You can make a small table out of the result and use

ExtendTable—Help | ArcGIS for Desktop

to 'join' the resultant array back to the original table.

really its not hard

>>> outtable = np.zeros((len(result),), dtype=[('ID', 'int32'), ('Result', 'float64')])
>>> outtable['ID'] = np.arange(len(result))
>>> outtable['Result'] = result
>>> outtable
array([(0, nan), (1, nan), (2, nan), (3, nan), (4, nan), (5, 5.0), (6, 6.0),
 (7, 7.0), (8, 8.0), (9, 9.0), (10, 10.0), (11, 11.0), (12, 12.0),
 (13, 13.0), (14, 14.0), (15, 15.0), (16, nan), (17, nan), (18, nan),
 (19, nan)], 
 dtype=[('ID', '<i4'), ('Result', '<f8')])‍‍‍‍‍‍‍‍‍

Then you just do the extend table thing. Now don't let all that magic in the above table scare you, it is basic numpy stuff. Pandas (available in ArcGIS PRO) is a gentler version of numpy and handles some of this if you can't understand the magic.

What I did

outtable ..... make an empty array of zeros, which is the lengthe of the 'result' array (some magic, the comma placement is paramount

The table will have 2 columns, one called 'ID' (integer) and the other 'Result' (double, floating point number since I used NaN

outtable['ID'] just assigned number from 0 to the end into this column

outtable['Result'] same thing, just used the 'result' array for this column

On an IThingy so I can't actually do the join back to the original table, if you really really must.

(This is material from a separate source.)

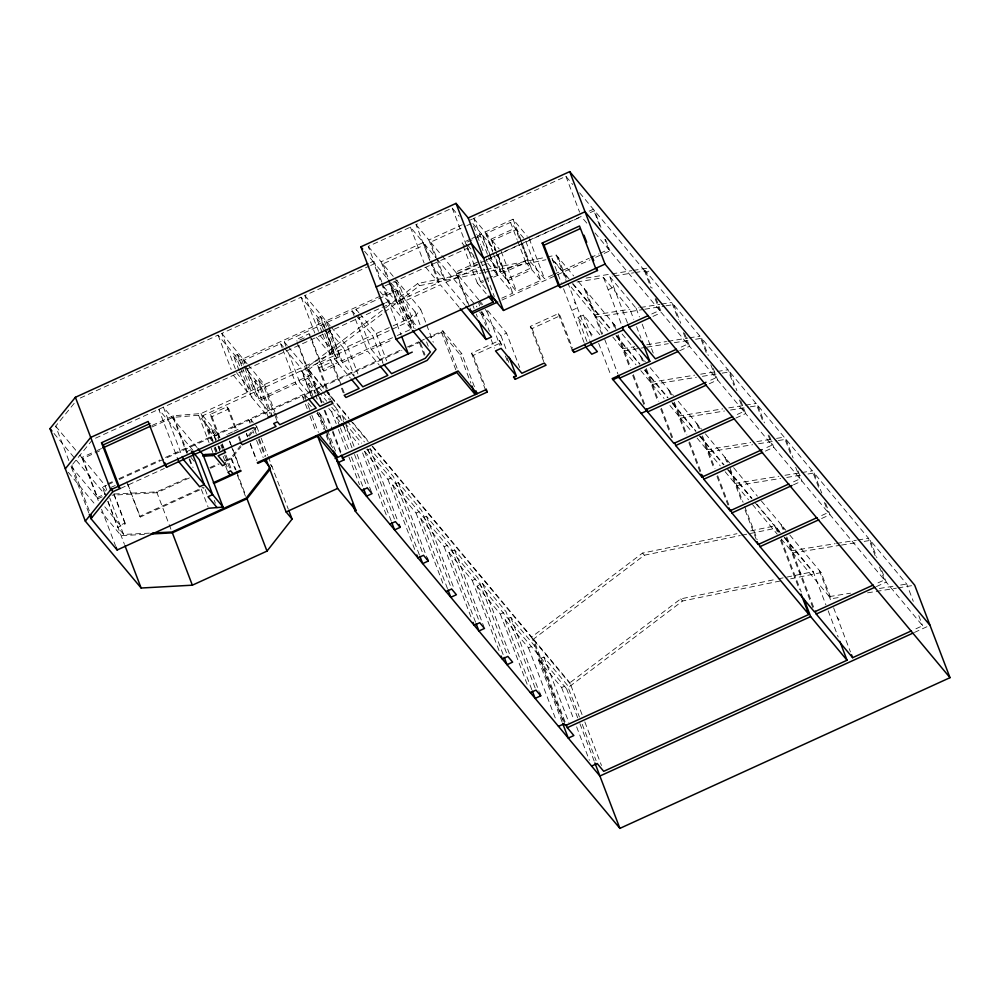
<?xml version="1.0" encoding="UTF-8"?>
<svg xmlns="http://www.w3.org/2000/svg" width="1000" height="1000" viewBox="0 0 1000 1000"><rect width="100%" height="100%" fill="white"/><g stroke="black" fill="none" stroke-linecap="round" stroke-linejoin="round"><path stroke-width="0.75" stroke-dasharray="5 3.75" d="M225.25 460.575L230.837 458.025L240.438 445.763M248.113 435.962L254.838 427.388L257.025 433.125M226.038 461.2L231.675 458.625L240.975 446.775M249.338 436.112L256.775 426.625L250.8 419.462L302.3 395.95L304.237 398.275M68.812 460.575L55.675 426.175L74.575 402.837M88.763 512.837L71 466.312L91.788 440.637M393.137 325.838L410.025 318.125L415.1 311.85L397.2 290.387L355.962 309.225L357.6 313.525M392.038 329.3L411.812 320.262L420.7 309.3L382.863 263.938L425.037 244.688L436.025 257.863M311.2 396.025L301.762 371.3L384.4 308.75M385.637 307.812L417.713 283.538L478.625 271.038M321.375 402.887L308.663 369.588L383.375 313.025M384.625 312.087L419.5 285.688L483.462 272.562M564.4 722.625L531.688 636.987L642.537 553.075L736.963 533.7M565.075 721.862L533.488 639.125L644.325 555.225L740.275 535.538M582.05 714.613L569.888 682.775L680.725 598.875L776.675 579.188M577.688 717.862L566.575 688.787L682.525 601.013L781.513 580.712M381.925 282.238L368.237 246.412L410.412 227.15L423.25 242.537L429.812 259.738M429.7 260.438L416.012 224.6L452.212 208.075L459.125 216.35M370.462 262.587L373.025 261.413L401.125 334.988M80.25 398.038L218.062 335.125L242.875 364.862M233.388 375.25L247.3 391.925L251.025 390.225L237.125 373.55L221.8 333.413L301.112 297.213L322.3 322.612L324.487 328.35M318.525 331.337L304.837 295.512L369.225 266.112M370.625 265.475L374.825 263.562L389.263 280.875M469.988 220.113L472.475 218.975M552.863 274.85L544.5 278.675L528.375 259.363L500.387 272.137L489.05 258.538L473.725 218.412L565.913 176.325L572.775 184.55M368.237 246.412L381.075 261.788L423.25 242.537M416.012 224.6L428.85 239.988L462.262 224.725M436.112 256.462L430.637 242.125L465.475 226.225M466.863 225.588L471.05 223.688M473.725 218.412L485.062 232L513.05 219.225L527.275 236.275M470.438 239.175L462.038 243.012L474.888 258.412M471.838 238.538L476.025 236.625M477.425 235.987L481.625 234.062L496.95 274.2L489.963 277.387M519.125 238.113L515.288 228.088L510.513 222.362L486.262 233.438L491.025 239.163L495.412 250.625L482.525 235.138L465.725 242.8L481.05 282.938L486.025 288.9M384.975 285.9L467.537 248.2L474.1 256.062M239.1 370.462L233.637 356.15L237.375 354.45L241.55 359.462L255.212 395.225L258.312 398.95L309.625 375.525L310.825 376.95L299.625 382.062L286.488 347.663M322.15 332.55L316.675 318.25L320.412 316.537L324.588 321.55L326.775 327.275M395.988 282.038L409.65 317.812L404.05 320.363L390.387 284.6L395.988 282.038L400.163 287.05L413.825 322.812L417.688 327.45M491.025 239.163L515.288 228.088M496.05 250.625L492.225 240.588L516.487 229.513L525.438 240.25L540.763 280.387L516.5 291.462L507.55 280.725L496.6 252.062M233.637 356.15L237.812 361.163L241.55 359.462M221.8 333.413L242.987 358.812L324.588 321.55M304.837 295.512L326.025 320.913L400.163 287.05M245.275 363.113L244.175 360.25L280.575 343.638L283.463 347.113M285.938 346.238L284.3 341.938L323.488 324.038L326.388 327.512M354.137 376.375L342.55 362.475L327.225 322.337L352.225 310.925L355.125 314.4M310.225 335.225L309.037 333.787L295.975 339.75L297.162 341.188M299.775 339.988L306.312 337.013M385.525 302.838L388.35 301.55M477.85 261.975L455.65 272.113L467.688 303.637M589.175 211.15L593.362 209.237L600.475 227.875M95.538 438.188L390.15 303.688L398.188 304.075L440.363 284.812L459.2 307.4M489.05 258.538L581.237 216.462L587.112 223.512M485.238 260.575L456.838 273.538L469.425 306.512M486.65 259.925L581.775 216.5M590.3 212.613L594.562 210.675L601.675 229.3M430.363 261.175L438.575 282.675L396.4 301.925L388.188 280.425M431.337 264.738L444.175 280.113L477.587 264.862M436.662 257.9L445.962 282.262L480.8 266.363M482.188 265.725L486.375 263.812M79.887 455.2L81.812 457.525L95.887 451.1M97.287 450.45L101.512 448.525M152.162 425.412L173.263 415.775L201.025 413.537L260.738 386.275L243.863 366.05M102.275 496.8L98.038 498.725L82.713 458.587L101.062 450.213M151.888 427.013L173.062 417.35L198.612 415.288L214.938 434.85L216.575 439.15M268.3 417.113L254.638 381.337L258.375 379.625L263.75 386.075L274.675 414.688M463.125 245.875L477.362 283.15L482.962 280.587M484.363 279.95L488.562 278.038M481.05 282.938L483.85 281.663M493.65 277.188L497.85 275.275L512.775 293.163L501.575 298.275M501.587 273.562L525.837 262.488L530.612 268.212L506.362 279.288L501.587 273.562L495.012 256.363M316.438 337.35L330.337 354.012L334.075 352.312L325.325 329.412M248.05 364.875L264.462 384.575L300.863 367.962L311.8 396.625M288.163 346.562L304.587 366.25L343.775 348.363L354.175 375.6M331.087 326.975L347.512 346.662L372.512 335.25L382.912 362.475M359.825 313.85L376.25 333.537L391.725 326.475M254.638 381.337L260.012 387.775L263.75 386.075M212.662 441.488L202.812 415.688L390.637 329.938M218.888 437.388L210.15 414.487L226.95 406.825L228.738 408.975L236.938 430.438M326.188 388.4L317.45 365.5L330.513 359.538L332.3 361.688L344.325 393.162M240.55 368.312L251.475 396.938L255.212 395.225M316.675 318.25L320.863 323.25L334.513 359.025L338.25 357.325L341.35 361.037L395.938 336.125M390.387 284.6L394.575 289.6L408.225 325.375L413.825 322.812M507.55 280.725L531.812 269.65L540.763 280.387M210.15 414.487L211.938 416.637L228.738 408.975M317.45 365.5L319.237 367.65L332.3 361.688M309.037 333.787L322.688 369.562L337.625 362.75L325.037 329.775M397.337 335.487L411.337 329.1L396.012 288.962L390.225 282.038M247.463 368.85L259.5 400.387L295.9 383.775L307.488 397.663M322.688 369.562L323.888 370.988L338.812 364.175L350.412 378.075M342.55 362.475L367.55 351.062L379.15 364.95M358.15 314.95L371.287 349.35L393.275 339.312M312.825 395.6L308.375 383.963L313.975 381.413L321.763 390.737M213.212 441.35L208.837 429.913L211.637 428.625L217.013 435.075L218.65 439.363M554.263 274.212L589.15 258.288M590.55 257.65L598.925 253.837M600.312 253.2L608.688 249.375L604.862 239.338M501.975 300.062L555.925 275.438M557.35 274.788L590 259.875M595.688 257.288L602.788 254.05M604.2 253.4L609.888 250.8L659.6 310.4L649.737 314.913M107.65 483.825L113.3 481.25M118.95 478.663L159.887 459.975M165.525 457.4L214.938 434.85M202.812 415.688L217.738 433.575L401.737 349.562M407.4 346.987L418.725 341.812M420.138 341.163L424.387 339.225M425.8 338.587L442.788 330.825L461.763 353.587L475.45 389.425M105.1 494.4L102.362 487.225L106.587 485.3M108 484.65L113.637 482.075M119.275 479.513L248.938 420.312L250.9 422.675M309.637 409.425L304.163 395.1L401.863 350.487M408.95 347.262L421.688 341.45M430.188 337.562L441.512 332.4L459.9 354.438L470.85 383.113M479.6 311.988L481.512 314.288L487.113 311.725L500.025 345.55M208.837 429.913L214.213 436.35L217.013 435.075M186.3 451.825L190.963 449.688M111.163 487.337L115.237 485.487M228.263 433.888L232.463 431.975M233.863 431.325L238.062 429.412M97.15 497.65L105.588 493.8M120.625 488.413L164.387 468.438M114.312 494L156.662 491.887L188.863 477.188M209.85 467.6L218.25 463.775M328.8 408.45L331.712 411.938L337.312 409.387L343.425 425.387M189.425 477.912L157.037 492.7L112.013 495.2M210.55 468.275L219 464.412M316.825 413.35L320.688 417.987L322.55 417.137L326.938 428.612M459.9 354.438L461.763 353.587M480.975 311.75L500.95 335.7L506.55 333.137L519.688 367.537M579.637 192.787L644.275 270.275L647.075 269M608.175 289.713L613.775 287.162M646.062 272.425L648.863 271.137M485.487 389.888L471.5 353.25L499.487 340.462L502.9 346.838M543.737 361.65L530.275 326.413L558.275 313.637L560.062 315.775L572.438 348.188M339.825 426.388L336.488 417.663L342.088 415.112L345.975 419.775M471.5 353.25L473.288 355.387L501.275 342.612M530.275 326.413L532.075 328.562L560.062 315.775M571.812 310.413L577.413 307.85M107.837 501.562L117.688 527.362L125.425 523.825L124.825 523.112L120.162 525.25L104.775 506.8M126.638 481.962L139.75 516.3L203.388 487.25M139.75 516.3L140.35 517.013L204.213 487.863M586.938 341.525L577.788 317.562L583.387 315.012L599.862 334.762M123.737 534.362L117.688 527.362M652.962 316.4L661.388 312.55L687.712 344.113L679.287 347.95M391.25 521.163L364.6 451.362L370.2 448.812L393.537 476.788L423.525 555.312M364.6 451.362L387.938 479.35L393.537 476.788M679.7 350.725L689.5 346.25L715.825 377.812L707.425 381.637M419.363 554.862L392.713 485.075L398.312 482.512L421.65 510.487L451.637 589.012M392.713 485.075L416.05 513.05L421.65 510.487M709.212 383.787L717.613 379.95L743.875 411.438L735.475 415.275M447.475 588.562L420.825 518.775L426.425 516.213L449.762 544.188L479.738 622.712M420.825 518.775L444.162 546.75L449.762 544.188M735.863 418.062L745.662 413.587L771.975 445.138L763.587 448.975M475.588 622.275L448.938 552.475L454.538 549.913L477.863 577.888L507.85 656.413M448.938 552.475L472.275 580.45L477.863 577.888M765.375 451.112L773.775 447.287L800.088 478.837L790.3 483.312M503.137 654.513L477.05 586.175L482.638 583.612L505.975 611.587L535.962 690.113M477.05 586.175L500.375 614.15L505.975 611.587M793.487 484.825L801.888 480.988L828.2 512.537L818.4 517.013M531.812 689.675L505.15 619.875L510.75 617.312L534.087 645.3L564.075 723.812M505.15 619.875L528.488 647.85L534.087 645.3M821.6 518.525L829.987 514.688L884.425 579.938L874.625 584.412M562.163 722.113L538.275 659.587L543.875 657.025L567.212 685L579.425 717M538.275 659.587L561.613 687.562L567.212 685M876.413 586.562L886.213 582.087L922.625 625.737L912.825 630.212M914.425 632.438L928.587 625.975M480.15 270.725L484.725 269.788M486.238 269.475L545.638 257.288M547.163 256.975L556.3 255.1L573.688 275.95M484.988 272.25L489.55 271.312M491.075 271L545.9 259.75M750.662 530.887L775.037 525.887L777.75 533.013M741.8 535.225L776.825 528.038L780.763 532.762M778.2 578.875L813.225 571.688L825.938 604.987M790.65 578.837L821.112 572.587L831.112 598.763L841.75 597.025M586.05 278.075L631.638 270.675M633.15 270.425L646.838 268.212M576.962 281.988L603.575 277.663L629.9 309.225L633.775 319.363M627.463 322.987L609.775 276.663L612.75 276.175M614.237 275.938L633.575 272.8M635.062 272.562L645.475 270.863L671.787 302.425L678.375 319.675M594.412 314.975L629.9 309.225M609.775 276.663L636.087 308.212L639.062 307.738M640.55 307.488L659.887 304.35M661.375 304.113L671.787 302.425M596.2 317.125L643.238 309.488M644.75 309.25L664.475 306.05M666 305.8L673.587 304.575L699.9 336.125L706.488 353.375M622.525 348.688L634.663 346.712M646.8 344.738L666.525 341.538M668.037 341.3L687.763 338.088M689.275 337.85L699.9 336.125M624.312 350.825L639.487 348.363M641 348.125L645.55 347.375M647.075 347.137L668.312 343.688M674.375 342.7L689.55 340.238M695.625 339.25L701.688 338.275L727.95 369.75L733.988 385.562M650.575 382.312L694.575 375.175M700.638 374.188L715.812 371.725M717.337 371.475L727.95 369.75M652.362 384.462L696.363 377.312M702.438 376.337L720.638 373.375M722.163 373.125L729.737 371.9L756.062 403.45L762.65 420.7M678.675 416.012L722.688 408.875M728.75 407.887L743.925 405.425M745.438 405.175L756.062 403.45M680.475 418.162L724.475 411.012M730.537 410.037L748.75 407.075M750.263 406.838L757.85 405.6L784.175 437.15L790.763 454.4M706.787 449.712L750.788 442.575M756.862 441.587L770.512 439.375M776.587 438.387L784.175 437.15M708.587 451.863L752.588 444.725M758.65 443.738L776.862 440.775M778.375 440.538L785.962 439.3L812.288 470.85L818.875 488.1M734.9 483.413L778.9 476.275M784.975 475.288L800.15 472.825M801.663 472.575L812.288 470.85M736.688 485.562L780.7 478.425M786.762 477.438L801.938 474.975M808 473.988L814.075 473L868.512 538.263L875.638 556.95M791.125 550.812L835.125 543.675M836.637 543.425L856.363 540.225M857.887 539.987L868.512 538.263M792.913 552.962L839.95 545.325M841.462 545.087L858.162 542.375M864.225 541.388L870.3 540.4L906.7 584.05L913.288 601.3M829.325 596.613L850.562 593.162M879.388 588.488L893.05 586.263M900.638 585.037L906.7 584.05M867.575 592.837L896.45 588.15M897.975 587.9L913.162 585.438M144.412 534.388L121.125 535.675L101.2 511.788M149.388 533.15L123.588 534.438L109.763 498.013M594.963 232.913L608.688 249.375M578.562 281.8L616.263 326.987M622.1 333.988L645.288 361.788M650.163 367.638L673.4 395.487M678.275 401.337L701.513 429.188M705.413 433.862L729.663 462.95M733.625 467.688L757.375 496.163M761.338 500.913L785.875 530.325M789.812 535.05L821.112 572.587M569 278.888L552 258.5L561.325 282.938M573 283.688L612 330.45M616.013 335.238L640.013 364.025M645.013 370.012L668.012 397.587M672.013 402.388L696.025 431.163M700.025 435.962L724.025 464.738M728.025 469.538L752.025 498.312M757.025 504.312L775.037 525.887M784.7 537.475L813.225 571.688M552.5 259.812L568.5 278.988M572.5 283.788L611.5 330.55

Otherwise you can save the result out to a file using several options... which I wont' get into here.

GoldenJiang · ‎09-05-2016

Thanks Dan, sorry for the late reply. I need some time to know the basis.

>>> import numpy as np
>>> input = 'Stumps Pop'
... field1 = "Yld_Mass_D"
... a = arcpy.da.TableToNumPyArray(input, (field1))
... a = np.arange(20)
... p_20 = np.percentile(a, 25)
... p_80 = np.percentile(a, 75)
... between = ((a > p_20) & (a < p_80))
... result = a[between]
... print result‍‍‍‍‍‍‍‍‍‍

In this case, how do I access to my attribute column 'Yld_Mass_D' and assign new values to my new column 'NewField'?

(p.s. forgive my idiotic question... steep learning curve)

DanPatterson_Retired · ‎09-05-2016

Golden... you have to carry on in the block after the line

its really not that hard....

You have your 'result' now you have to create 'outtable as I have shown, then you need to use ExtendTable

ExtendTable—Help | ArcGIS for Desktop sort of like this

arcpy.da.ExtendTable("c:/folder/your.gdb/table_or_featureclass", "ObjectID", outtable, "ID")

where ObjectID is your object id field .... could be as shown or FID (shapefile) or whatever,

outtable is the array just created,

ID is the identification field that was created in outtable.

give it a shot... I can always repurpose a field calculator script, but learning both ways is better. Do it once, you have a template, which you can quickly repurpose.